Светлый фон
Берегись, враг подслушивает!

На улицах больше суматохи и толкотни, чем он привык видеть в сонном Веймаре. Везде виднелись следы войны, развалины тут и там, следы бомб. Патрулировали броневики, а строительные отряды, состоящие в основном из военнопленных в типичных броских одеждах, то тут, то там уже устраняли повреждения. За ними присматривали эсэсовцы с кнутами на поясах, но им было очевидно скучно: большинство из них разговаривали по телефону или писали сообщения на своих устройствах.

Леттке спустился в метро, купил билет и сел на линию от Шпиттельмаркт до станции Вильхельмсплац. Преимущество метро заключалось в том, что в данных сохранялось только то, где он купил билет и вошел, а не то, где он вышел.

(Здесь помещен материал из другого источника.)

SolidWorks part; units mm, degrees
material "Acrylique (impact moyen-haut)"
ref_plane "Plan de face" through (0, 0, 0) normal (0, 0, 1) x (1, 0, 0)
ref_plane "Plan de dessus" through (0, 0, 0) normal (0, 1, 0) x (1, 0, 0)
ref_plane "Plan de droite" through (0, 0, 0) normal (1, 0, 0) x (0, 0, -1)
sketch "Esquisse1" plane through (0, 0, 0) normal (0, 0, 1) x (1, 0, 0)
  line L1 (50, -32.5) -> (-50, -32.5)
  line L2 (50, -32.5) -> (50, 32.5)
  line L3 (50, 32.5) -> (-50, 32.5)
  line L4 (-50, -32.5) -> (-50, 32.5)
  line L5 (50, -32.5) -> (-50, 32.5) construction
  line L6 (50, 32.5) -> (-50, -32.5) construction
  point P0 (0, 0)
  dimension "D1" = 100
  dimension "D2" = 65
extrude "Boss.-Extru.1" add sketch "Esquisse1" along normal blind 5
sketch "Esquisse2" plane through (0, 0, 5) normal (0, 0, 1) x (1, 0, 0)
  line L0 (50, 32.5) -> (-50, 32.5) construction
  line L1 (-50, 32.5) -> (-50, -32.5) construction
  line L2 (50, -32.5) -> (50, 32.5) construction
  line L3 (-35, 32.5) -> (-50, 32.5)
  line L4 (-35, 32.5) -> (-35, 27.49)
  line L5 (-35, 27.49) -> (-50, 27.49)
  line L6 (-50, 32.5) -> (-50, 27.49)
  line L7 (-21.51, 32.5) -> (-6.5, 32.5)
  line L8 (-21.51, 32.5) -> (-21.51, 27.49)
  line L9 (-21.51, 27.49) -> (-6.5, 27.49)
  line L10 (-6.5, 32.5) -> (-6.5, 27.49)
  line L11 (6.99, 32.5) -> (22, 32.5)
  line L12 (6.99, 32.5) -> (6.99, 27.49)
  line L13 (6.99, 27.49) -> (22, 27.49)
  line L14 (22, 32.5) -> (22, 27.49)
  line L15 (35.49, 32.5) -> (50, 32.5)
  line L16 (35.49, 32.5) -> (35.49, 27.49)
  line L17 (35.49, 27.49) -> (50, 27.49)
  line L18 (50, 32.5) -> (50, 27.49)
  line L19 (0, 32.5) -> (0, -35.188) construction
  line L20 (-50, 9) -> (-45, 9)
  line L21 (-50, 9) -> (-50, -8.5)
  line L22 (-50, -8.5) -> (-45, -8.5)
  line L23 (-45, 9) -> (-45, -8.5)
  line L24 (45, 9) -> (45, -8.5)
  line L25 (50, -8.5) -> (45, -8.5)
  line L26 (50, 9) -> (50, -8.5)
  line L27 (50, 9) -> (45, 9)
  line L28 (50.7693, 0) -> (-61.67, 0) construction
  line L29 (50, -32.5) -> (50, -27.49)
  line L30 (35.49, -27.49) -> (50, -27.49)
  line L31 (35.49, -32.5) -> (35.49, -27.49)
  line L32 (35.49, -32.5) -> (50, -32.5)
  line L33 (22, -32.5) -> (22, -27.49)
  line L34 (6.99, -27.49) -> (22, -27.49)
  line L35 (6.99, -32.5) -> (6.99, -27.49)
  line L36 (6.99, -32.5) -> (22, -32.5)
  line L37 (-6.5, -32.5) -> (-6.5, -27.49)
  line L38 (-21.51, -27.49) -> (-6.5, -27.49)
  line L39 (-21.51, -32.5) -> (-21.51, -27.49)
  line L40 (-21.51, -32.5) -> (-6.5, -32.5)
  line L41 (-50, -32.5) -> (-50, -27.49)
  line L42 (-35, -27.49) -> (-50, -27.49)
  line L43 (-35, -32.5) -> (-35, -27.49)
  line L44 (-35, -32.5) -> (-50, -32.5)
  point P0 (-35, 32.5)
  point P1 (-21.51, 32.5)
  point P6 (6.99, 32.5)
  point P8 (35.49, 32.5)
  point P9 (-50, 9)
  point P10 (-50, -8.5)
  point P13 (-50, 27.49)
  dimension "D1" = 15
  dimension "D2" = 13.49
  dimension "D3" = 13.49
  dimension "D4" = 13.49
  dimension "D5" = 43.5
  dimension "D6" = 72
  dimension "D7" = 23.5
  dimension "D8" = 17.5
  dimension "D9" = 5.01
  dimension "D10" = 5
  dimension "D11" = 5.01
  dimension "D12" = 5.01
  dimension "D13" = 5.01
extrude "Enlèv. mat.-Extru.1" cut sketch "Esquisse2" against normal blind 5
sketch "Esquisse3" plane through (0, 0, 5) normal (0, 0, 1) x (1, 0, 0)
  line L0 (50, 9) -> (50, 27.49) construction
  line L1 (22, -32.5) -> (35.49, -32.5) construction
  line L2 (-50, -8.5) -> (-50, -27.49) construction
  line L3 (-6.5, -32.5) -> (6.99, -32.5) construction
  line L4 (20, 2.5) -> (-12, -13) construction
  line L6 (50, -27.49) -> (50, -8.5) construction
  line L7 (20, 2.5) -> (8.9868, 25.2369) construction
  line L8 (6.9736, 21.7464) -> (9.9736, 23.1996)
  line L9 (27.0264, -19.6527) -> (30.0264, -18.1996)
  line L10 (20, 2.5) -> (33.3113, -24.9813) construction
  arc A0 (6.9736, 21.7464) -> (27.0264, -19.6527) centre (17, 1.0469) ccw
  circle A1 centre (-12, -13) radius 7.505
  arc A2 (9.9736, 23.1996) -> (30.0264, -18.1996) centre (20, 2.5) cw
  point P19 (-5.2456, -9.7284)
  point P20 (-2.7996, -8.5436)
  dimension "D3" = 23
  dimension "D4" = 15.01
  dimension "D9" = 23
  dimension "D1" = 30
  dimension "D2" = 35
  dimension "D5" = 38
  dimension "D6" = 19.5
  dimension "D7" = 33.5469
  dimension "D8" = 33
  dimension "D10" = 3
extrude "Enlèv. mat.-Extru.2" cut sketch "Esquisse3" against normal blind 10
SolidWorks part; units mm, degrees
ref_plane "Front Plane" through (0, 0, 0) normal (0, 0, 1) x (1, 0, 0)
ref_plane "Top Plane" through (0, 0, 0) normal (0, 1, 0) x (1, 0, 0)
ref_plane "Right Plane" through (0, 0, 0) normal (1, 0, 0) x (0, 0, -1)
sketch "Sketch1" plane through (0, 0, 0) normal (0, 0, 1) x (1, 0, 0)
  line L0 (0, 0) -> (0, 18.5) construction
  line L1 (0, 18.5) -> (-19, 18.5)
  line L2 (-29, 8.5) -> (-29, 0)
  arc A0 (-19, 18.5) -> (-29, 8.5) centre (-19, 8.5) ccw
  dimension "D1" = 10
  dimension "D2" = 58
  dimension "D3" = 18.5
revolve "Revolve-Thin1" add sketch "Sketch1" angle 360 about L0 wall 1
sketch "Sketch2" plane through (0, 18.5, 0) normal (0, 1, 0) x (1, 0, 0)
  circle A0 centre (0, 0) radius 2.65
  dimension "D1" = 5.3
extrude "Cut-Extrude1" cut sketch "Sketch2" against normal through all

Остановка называлась «Кайзерхоф», как и гостиница – пункт его назначения. Здесь тоже велась оживленная работа. Вдоль всего монументального фасада висели флаги, в основном со свастикой, а также флаги Италии или Японии. Перед главным входом ожидали такси, на постах стояли десятки сотрудников службы охраны порядка, люди приходили и уходили. Никто не обратил на него внимания, когда он вошел в гостиницу и пересек холл, направляясь прямиком к лифтам. Он был прекрасно выбрит и причесан, одет в свой лучший костюм и хорошие дорогие туфли – словом, ничем не отличался от любого другого мужчины, бывавшего здесь.

Чувствовалось, что близится время обеда. В ресторане гремела посуда, из кухни доносились ароматы жареных блюд. Но Ойгена Леттке это абсолютно не привлекало. Его интересовала чувственность другого порядка.

Лифт обслуживал толстощекий парнишка в ливрее, едва ли старше тринадцати.

– Третий этаж, – сказал Леттке.

С третьего этажа он по лестнице спустился на второй, добрался до двери под номером 202. Постучал особенным образом: два раза, пауза, три раза, пауза, один раз.

Не прошло и десяти секунд, как дверь поспешно отворилась. Появилось лицо женщины, обрамленное свободно падающими рыже-золотистыми кудрями, сияющее в предвкушении радости – сияние, которое тотчас же угасло, как только она увидела его стоящим на пороге.

– Да, я вас слушаю? – спросила она с нескрываемым разочарованием.

Леттке склонил голову.

– Мы знакомы, фрау Шметтенберг. Впрочем, наша последняя встреча случилась давно. На чердаке в Берлине. Четыре девочки, четыре мальчика и игра в крапленые карты. Одной из девочек были вы.

У нее от изумления отвисла нижняя челюсть, что, однако, никак не отразилось на ее красоте. Удивление сменилось растущим скептицизмом, пока в ее памяти не забрезжило воспоминание: на губах появилась ухмылка.